My Notes
Categories
In this literature discussion, students are asked to read an article describing a series of uranyl halide compounds that contain an alkali counterion that interacts with one or more of the uranium's ligand atoms. This paper stands out as a great example of the binding preferences of acids and bases, and can be explained very well using simple HSAB concepts. Also notable in this paper is the fact that the authors claim that HSAB concepts explain their results very well in the introduction, and then only bring it up again almost as an afterthought in the short discussion section at the end of the paper.
| Attachment | Size |
|---|---|
| Reading Questions (docx) | 20.27 KB |
| Literature Discussion (docx) | 20.38 KB |
| Reading Questions (pdf) | 298.8 KB |
| Literature Discussion (pdf) | 403.42 KB |
A student should be able to rank Lewis acid and bases in terms of relative hardness
A student should be able to interpret X-ray crystallographic structural data and identify structural motifs
A student should be able to explain the affinity that atoms have for one another in terms of HSAB theory
This activity is fairly straightforward, and my students needed little help working through the discussion questions. For most students, this was the first time they had seen molecules represented as thermal ellipsoids, so they had a little trouble identifying the atoms inside molecules, but everyone got it by the end of the class.
Evaluation
Students were evaluated on how completely they answered the pre-class reading questions.
In-class discussion questions were collected at the end of the class period. For these, students worked in groups of 2 or 3.
Most of the students grasped the major concepts by the end of the class, though there was a lot of initial confusion as to how to make sense of all the structural data in the paper.
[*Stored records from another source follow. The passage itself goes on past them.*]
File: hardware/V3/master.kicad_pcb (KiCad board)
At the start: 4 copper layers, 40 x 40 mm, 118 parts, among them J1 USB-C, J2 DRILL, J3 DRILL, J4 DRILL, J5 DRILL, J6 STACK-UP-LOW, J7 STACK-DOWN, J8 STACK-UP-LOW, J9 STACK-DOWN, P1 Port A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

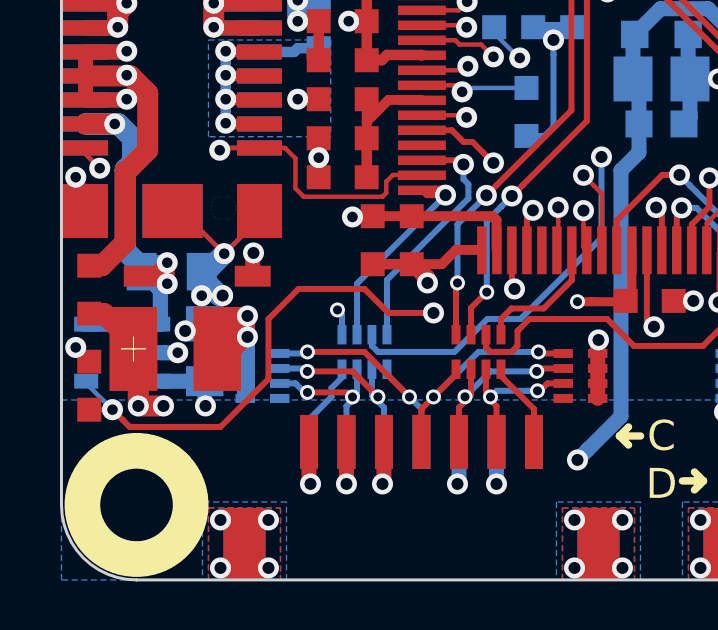
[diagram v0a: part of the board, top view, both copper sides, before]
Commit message: changed Stack 3v3 driver. Ordered Prototype
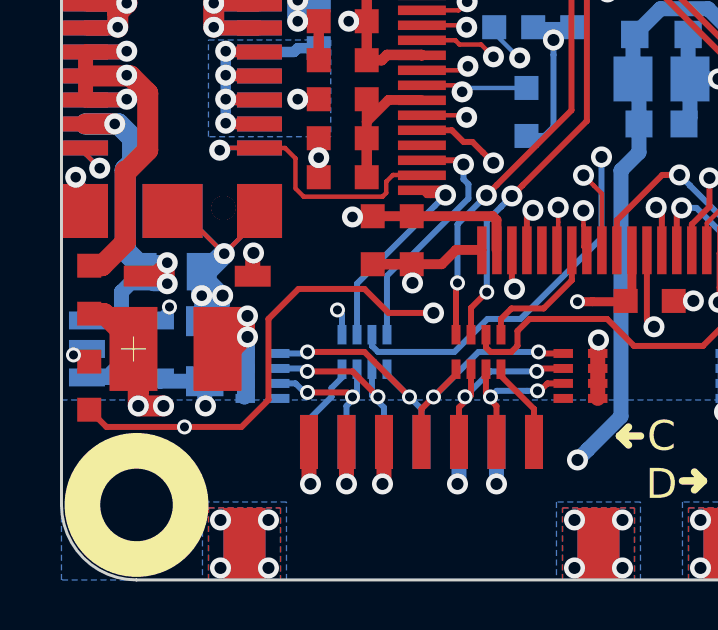
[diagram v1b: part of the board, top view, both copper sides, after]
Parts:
- U13: value RT9701XB -> STMPS2171STR; footprint SOT23-5 -> kicad-libraries:SOT23-5L
- moved U13 0.13 mm to (127.0, 102.3)
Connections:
- U13 pad 3: 3V3 -> Net-(U13-Pad3)
- U13 pad 5: VCC -> 3V3
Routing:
- net 3V3-EN: track 22.4 -> 25.9 mm, vias 3 -> 4
- net VCC: track 27.4 -> 24.1 mm
- net GND: track 199.8 -> 200.7 mm, vias 79 -> 77

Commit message: Added logo "CE" and "WEEE", added testpionts for bricklet 3,3V and 5V, added second CC resistor.
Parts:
- added P8: Bricklet 5V, kicad-libraries:TSTPT, B.Cu at (148.4, 94.2)
- added P9: Bricklet 3,3V, kicad-libraries:TSTPT, B.Cu at (148.4, 96.1)
- added R18: 56k, kicad-libraries:R0603F, B.Cu at (140.7, 74.7)
- added VAL: WEEE_7mm, kicad-libraries:WEEE_7mm, B.Cu at (142.0, 99.8)
- added VAL: CE_5mm, kicad-libraries:CE_5mm, B.Cu at (136.3, 99.2)
- U1: value AT91SAM3SXC -> SAM???
- U4: value AP7333-33SAG -> AP7333-33SRG
- U5: value DNP -> AP7333-33SRG
- moved G*** 15.5 mm to (138.1, 84.9)
- moved R5 4.35 mm to (145.0, 74.7)
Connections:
- J1 pad 5: GND -> Net-(J1-Pad5)
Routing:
- net Net-(FB1-Pad2): track 21.1 -> 26.3 mm
- net 3,3VBricklet: track 24.8 -> 29.5 mm
- net Net-(J1-Pad4): track 8.43 -> 4.04 mm
- net Net-(J1-Pad5): track 0.00 -> 4.00 mm, vias 0 -> 1
- net 5VBricklet: track 32.8 -> 35.6 mm
- net GND: track 200.7 -> 199.0 mm, vias 77 -> 76
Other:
- board text added: "B3V3"
- board text added: "B5V"

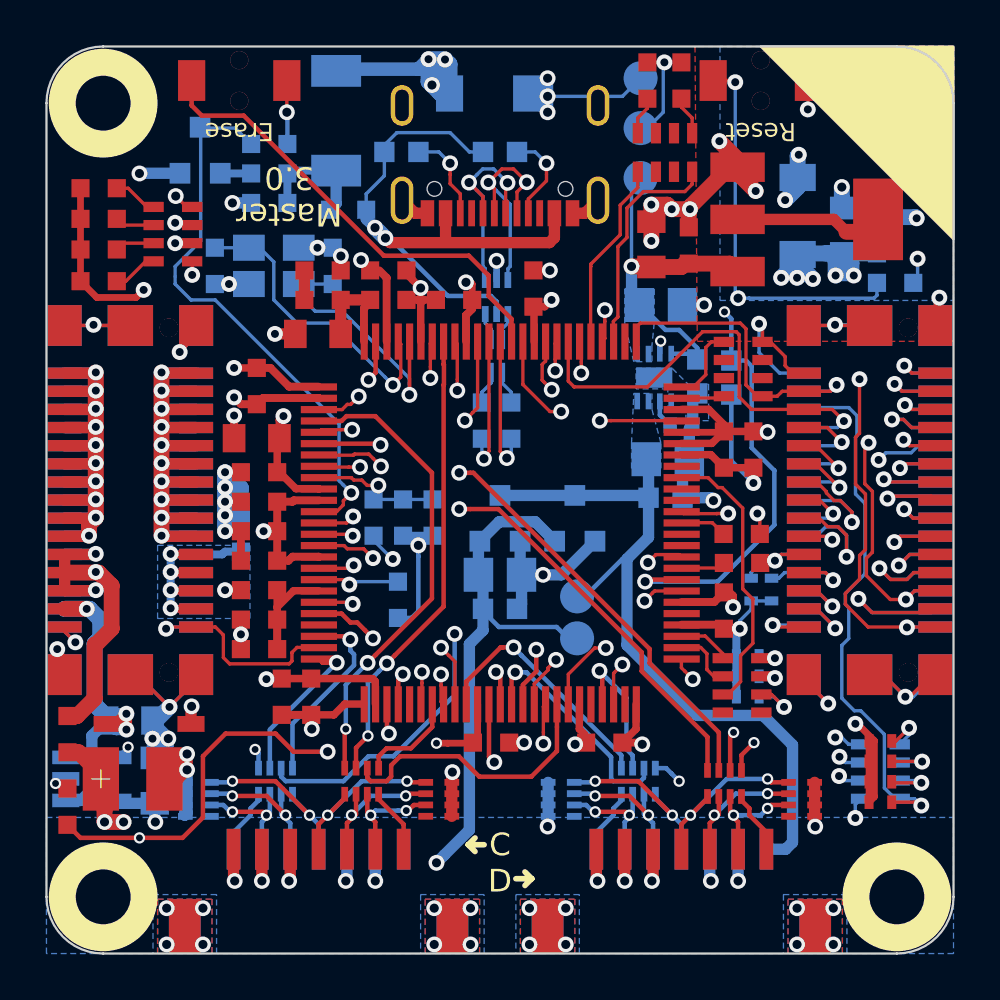
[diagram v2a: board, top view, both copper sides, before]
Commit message: added filter
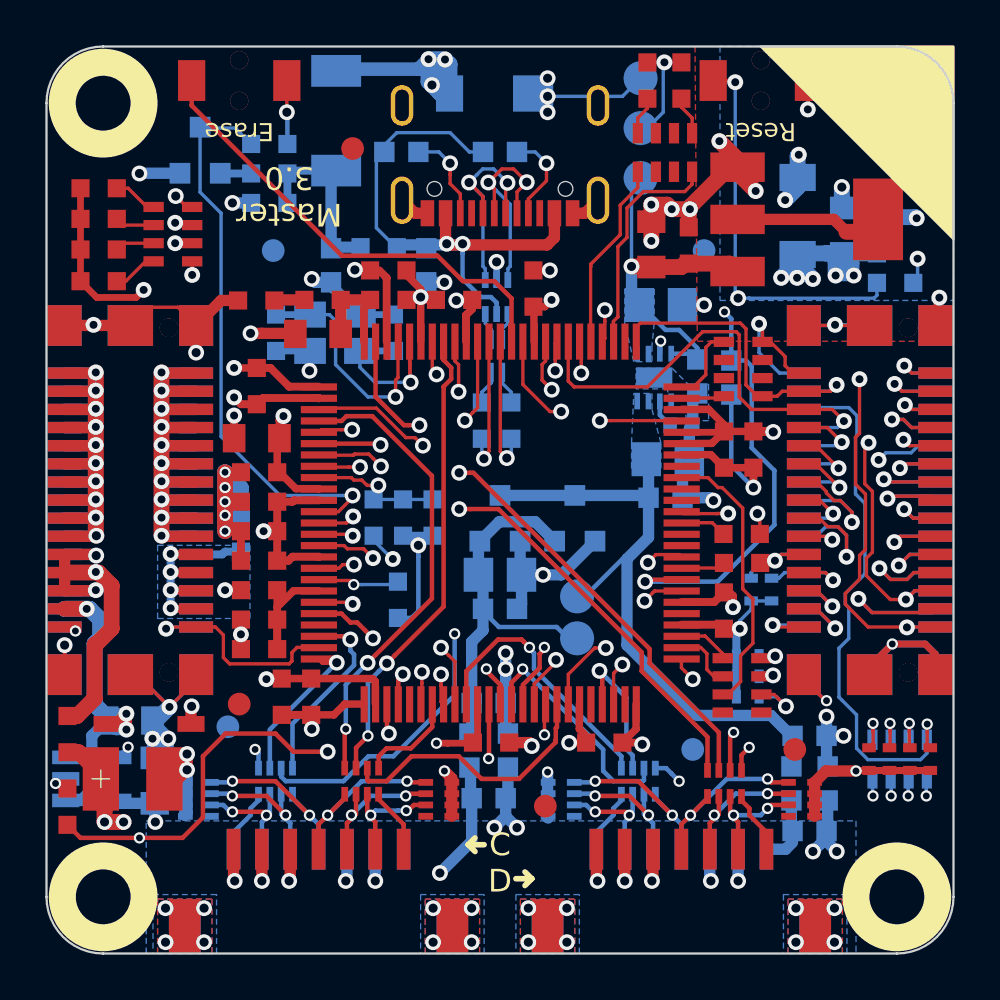
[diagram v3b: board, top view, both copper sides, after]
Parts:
- added C46: TBD, kicad-libraries:C0603F, B.Cu at (137.6, 79.7)
- added C47: TBD, kicad-libraries:C0603F, B.Cu at (141.8, 79.7)
- added C48: TBD, kicad-libraries:C0603F, B.Cu at (158.7, 104.6)
- added C49: TBD, kicad-libraries:C0603F, B.Cu at (158.7, 100.4)
- added C50: TBD, kicad-libraries:C0603F, B.Cu at (144.5, 99.0)
- added C51: TBD, kicad-libraries:C0603F, B.Cu at (144.5, 103.2)
- added Fiducial_Mark: VAL**, kicad-libraries:Fiducial_Mark, B.Cu at (153.5, 101.0)
- added Fiducial_Mark: VAL**, kicad-libraries:Fiducial_Mark, B.Cu at (133.0, 100.0)
- added Fiducial_Mark: VAL**, kicad-libraries:Fiducial_Mark, B.Cu at (154.0, 79.0)
- added Fiducial_Mark: VAL**, kicad-libraries:Fiducial_Mark, B.Cu at (135.0, 79.0)
- added Fiducial_Mark: VAL**, kicad-libraries:Fiducial_Mark, F.Cu at (133.5, 99.0)
- added Fiducial_Mark: VAL**, kicad-libraries:Fiducial_Mark, F.Cu at (147.0, 103.5)
- added Fiducial_Mark: VAL**, kicad-libraries:Fiducial_Mark, F.Cu at (158.0, 101.0)
- added Fiducial_Mark: VAL**, kicad-libraries:Fiducial_Mark, F.Cu at (138.5, 74.5)
- added L3: FB, kicad-libraries:R0603F, B.Cu at (157.8, 102.5)
- added L4: FB, kicad-libraries:R0603F, B.Cu at (143.7, 101.0)
- added L5: FB, kicad-libraries:R0603F, B.Cu at (159.4, 102.5)
- added L6: FB, kicad-libraries:R0603F, B.Cu at (145.3, 101.0)
- moved VAL 12.5 mm to (137.4, 86.7)
- moved G*** 10.7 mm to (129.9, 78.0)
- moved VAL 5.53 mm to (137.4, 96.7)
- moved C12 4.00 mm to (140.3, 82.6)
- moved C13 4.00 mm to (135.1, 82.6)
- moved X1 4.00 mm to (137.7, 82.6)
- moved C36 3.21 mm to (134.2, 81.2), turned to 180 degrees
- moved C3 2.91 mm to (164.0, 101.4), turned to 270 degrees
- moved FB1 2.13 mm to (139.7, 78.8)
- moved C5 1.64 mm to (163.1, 101.4), turned to 270 degrees
- moved RP1 1.01 mm to (162.6, 101.4), turned to 0 degrees
- moved C9 0.94 mm to (161.3, 101.4), turned to 270 degrees
- moved C7 0.41 mm to (162.2, 101.4), turned to 270 degrees
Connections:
- C41 pad 2: 5VBricklet -> Net-(C41-Pad2)
- C42 pad 2: 5VBricklet -> Net-(C41-Pad2)
- C43 pad 2: 3,3VBricklet -> Net-(C43-Pad2)
- C44 pad 2: 3,3VBricklet -> Net-(C43-Pad2)
- P1 pad 2: GND -> GNDD1
- P1 pad EP: GND -> GNDD1
- P2 pad 2: GND -> GNDD1
- P2 pad EP: GND -> GNDD1
- P3 pad 2: GND -> GNDD1
- P3 pad EP: GND -> GNDD1
- P4 pad 2: GND -> GNDD1
- P4 pad EP: GND -> GNDD1
- P8 pad 1: 5VBricklet -> Net-(C41-Pad2)
- P9 pad 1: 3,3VBricklet -> Net-(C43-Pad2)
- U3 pad 7: 5VBricklet -> Net-(C41-Pad2)
- U3 pad 8: 5VBricklet -> Net-(C41-Pad2)
- U4 pad 2: 3,3VBricklet -> Net-(C43-Pad2)
- U4 pad 3: 5VBricklet -> Net-(C41-Pad2)
- U5 pad 2: 3,3VBricklet -> Net-(C43-Pad2)
- U5 pad 3: 5VBricklet -> Net-(C41-Pad2)
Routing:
- net 5VBricklet: track 35.6 -> 5.49 mm
- net Net-(C41-Pad2): track 0.00 -> 28.5 mm
- net 3V3: track 105.5 -> 78.3 mm
- net 3,3VBricklet: track 29.5 -> 10.9 mm
- net Net-(C43-Pad2): track 0.00 -> 17.5 mm
- net GNDD1: track 0.00 -> 12.8 mm, vias 0 -> 24
- net XOUT: track 13.8 -> 8.58 mm
- net Net-(RP1-Pad2): track 18.7 -> 22.8 mm
- net Net-(C27-Pad1): track 77.6 -> 73.9 mm
- net Net-(RP1-Pad3): track 23.8 -> 27.2 mm
- net Net-(RP1-Pad1): track 18.3 -> 21.6 mm
- net XIN: track 13.5 -> 10.4 mm
- net VUSB: track 5.16 -> 8.16 mm
- net LED3: track 22.1 -> 19.1 mm
- net LED4: track 25.7 -> 22.8 mm
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- added copper zone on B.Cu, net GNDD1
- added copper zone on F.Cu, net GNDD1
- added copper zone on GND, net GNDD1
- added copper zone on B.Cu, net Net-(C41-Pad2)
- removed copper zone on F.Cu, net GND
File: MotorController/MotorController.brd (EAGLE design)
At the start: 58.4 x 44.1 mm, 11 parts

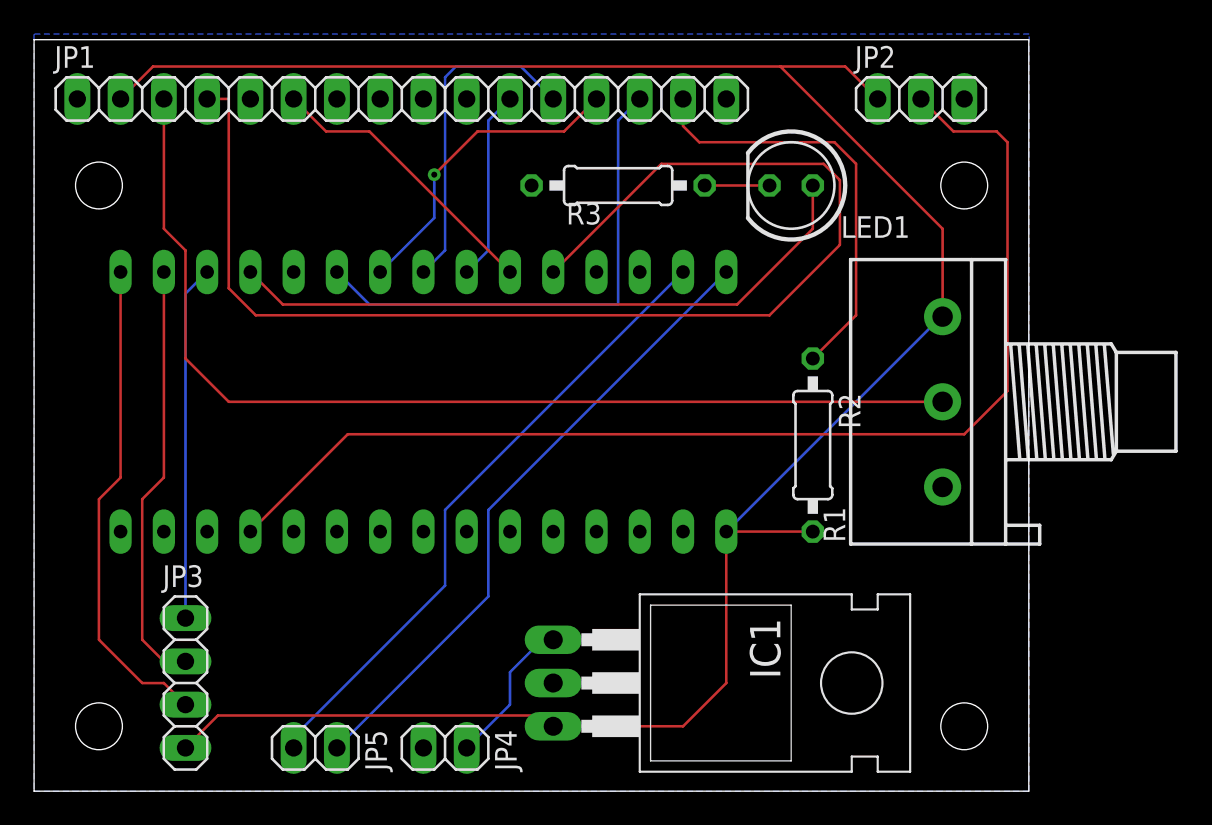
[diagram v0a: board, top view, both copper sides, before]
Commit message: Added button input
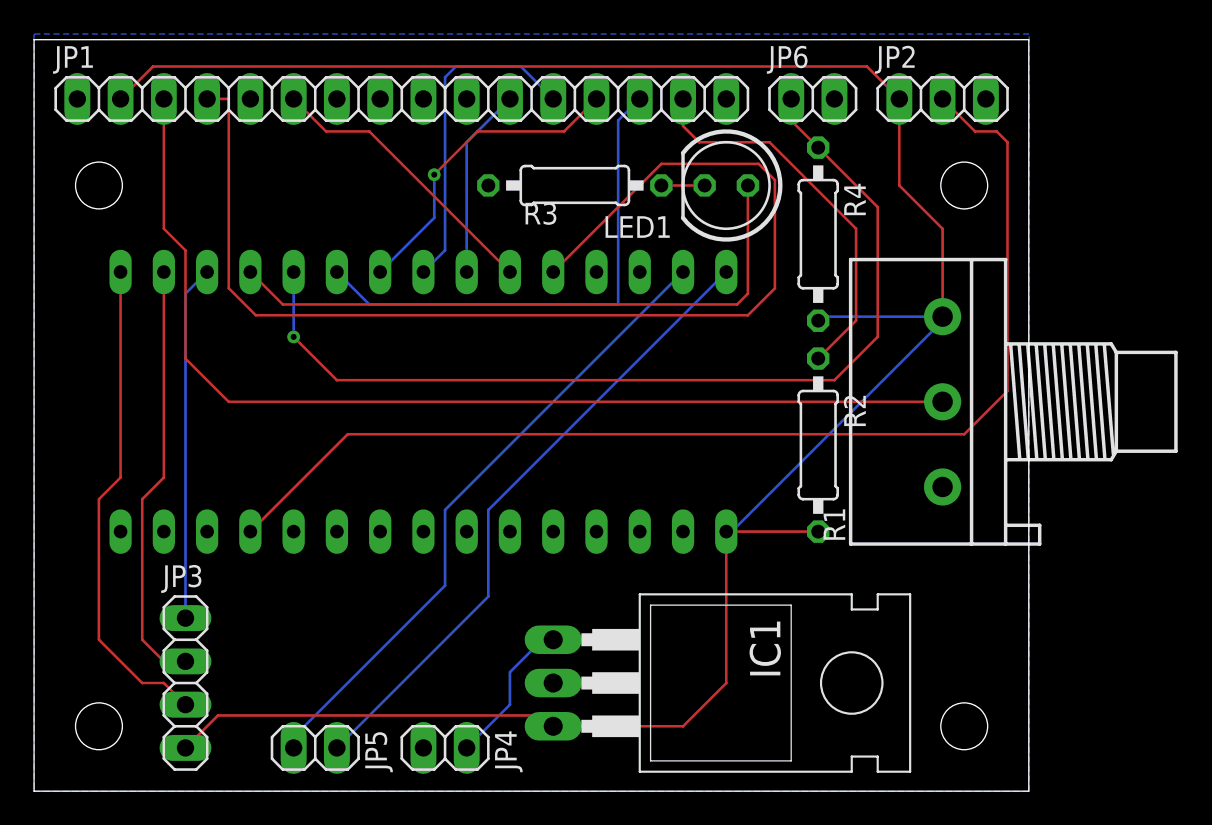
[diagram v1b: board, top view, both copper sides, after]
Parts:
- added JP6: (no value), GTOR - Connectors:1X02
- added R4: 10k, GTOR - Passive Components:1/4W-0.4
- moved LED1 3.81 mm to (40.6, 35.6)
- moved R3 2.54 mm to (31.8, 35.6)
- moved JP2 1.27 mm to (53.3, 40.6)
- moved R2 0.32 mm to (46.0, 20.3)
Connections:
- removed net N$4: U$1.D8
- new net BUTTON: JP6.1, R4.1, U$1.D8
- net 5V: now also R4.2
- net GND: now also JP6.2
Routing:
- net BUTTON: track 0.00 -> 56.3 mm, vias 0 -> 1
- net RS: track 74.3 -> 68.2 mm
- net 5V: track 130.5 -> 134.7 mm
- net A: track 25.2 -> 22.8 mm
- net LED: track 38.2 -> 36.6 mm
- net N$59: track 3.81 -> 2.54 mm
- net POT: track 68.6 -> 67.3 mm
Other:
- board text added: "BUTTON"
- board text removed: "220"

The biggest hurdle students had to overcome was shifting their thinking from absolute terms (e.g., sodium is hard) to relative terms (e.g., sodium is harder than potassium). Once they did this, the rest of the activity becomes very simple.
Comments
Thanks for this LO, Gerard. We read the article in my small advanced inorganic course this week, and I adapted many of your questions for my students to complete before class.
We were all curious to learn more about uranium chemistry and what kinds of precautions need to be taken in the lab. (We noticed that the reactions seemed to be on a fairly small scale.) If anyone has experience and could chimine in with stories, we'd love to hear them.
As a group, we were a bit flummoxed by the lack of attention given to compound 1. Its synthesis and characterization weren't described in the experimental section. Later the authors say that it's isomorphic with compound 2 and some X-ray data is included in the discussion, but it generally seemed hard to find information about it.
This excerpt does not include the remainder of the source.